Librarians Exert Quiet Influence Behind the Scenes


In preparation for my talk at the American Library Association conference in Las Vegas, NV on June 30th, I have been following the lead of my hosts and doing my research. It has been quite a learning journey so far.

The division that has invited me is called ALCTS  (pronounced “Alects”),  The Association for Library Collections and Technical Services. Their President, Genevieve Owens, is a true introverted leader who uses her quiet strengths to direct the Williamsburg, VA Regional Library. She told me ALCTS members are involved with Cataloging and Metadata, Acquisition and Ordering, Collecting and Managing Materials and Preservation.

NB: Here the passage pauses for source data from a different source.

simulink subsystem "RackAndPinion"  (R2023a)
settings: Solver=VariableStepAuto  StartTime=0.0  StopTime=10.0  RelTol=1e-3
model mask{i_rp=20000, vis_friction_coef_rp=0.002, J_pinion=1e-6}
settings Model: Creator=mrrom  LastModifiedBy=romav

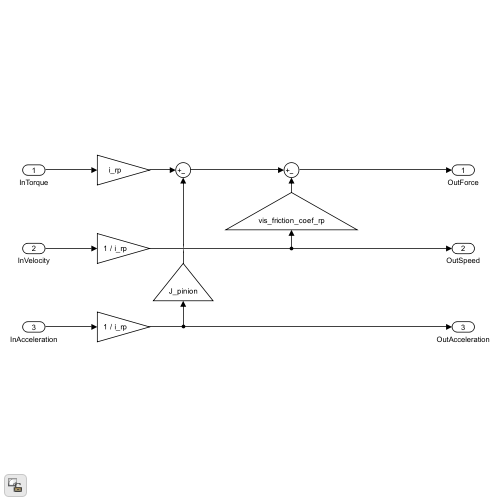
[thumbnail: Simulink's stored preview of the top-level diagram]
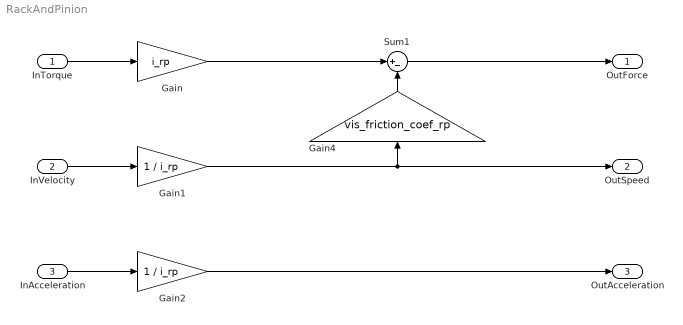
== system RackAndPinion ==
  InTorque : Inport
  InVelocity : Inport  Port=2
  InAcceleration : Inport  Port=3
  Gain : Gain  Gain=i_rp
  Gain1 : Gain  Gain=1 / i_rp
  Gain2 : Gain  Gain=1 / i_rp
  Gain4 : Gain  Gain=vis_friction_coef_rp
  Sum1 : Sum  Inputs=|+-
  OutForce : Outport
  OutSpeed : Outport  Port=2
  OutAcceleration : Outport  Port=3
  wires:
  Gain1/1 -> Gain4/1, OutSpeed/1
  Sum1/1 -> OutForce/1
  InVelocity/1 -> Gain1/1
  InTorque/1 -> Gain/1
  Gain/1 -> Sum1/1
  InAcceleration/1 -> Gain2/1
  Gain4/1 -> Sum1/2
  Gain2/1 -> OutAcceleration/1

Some of you may remember the blog post I wrote last year called Libraries (Quietly) Rock  about an encounter with a wonderful Archivist named Maxine Ducey (now retired) at The University of Wisconsin Center for Theater and Film Research. She was the careful guardian of  my Dad, Alvin Boretz’s script collection for  50 years.  Dad depended on librarians in a pre-internet age. They were his true research partners. These fine professionals will always have a special place in my heart for this and many other reasons. And as I learn more about the complex challenges today’s librarians face, my admiration only increases.

In my phone conversations with them, several have described their “behind the scenes roles.” David Miller, Head of Technical Services for the Levin Library at Curry College in Milton, MA  told me, “Our outcome is not visible. Like in theater, no one sees the designers and technicians but without them, the event doesn’t happen.” It seems to me that these professionals are the best example of Quiet Influence, making a real difference without a lot of fanfare.

Librarians are fighting for relevancy and want more tools to do so, Genevieve told me. Resources are not free and staff are needed to help us navigate the many data bases out there. Have you noticed coffee bars in libraries and community events taking place in your local library? These are all designed to meet the public where they are. The ALCTS members also told me that the biggest change is the shift to Linked Data and Metadata. New skill sets are needed for this movement away from the traditional catalog. In a day of tight budgets librarians are asking, “What practices do we want to keep?”  “What can be abandoned to build the collections we want? The library is a “growing organism,” David Miller said.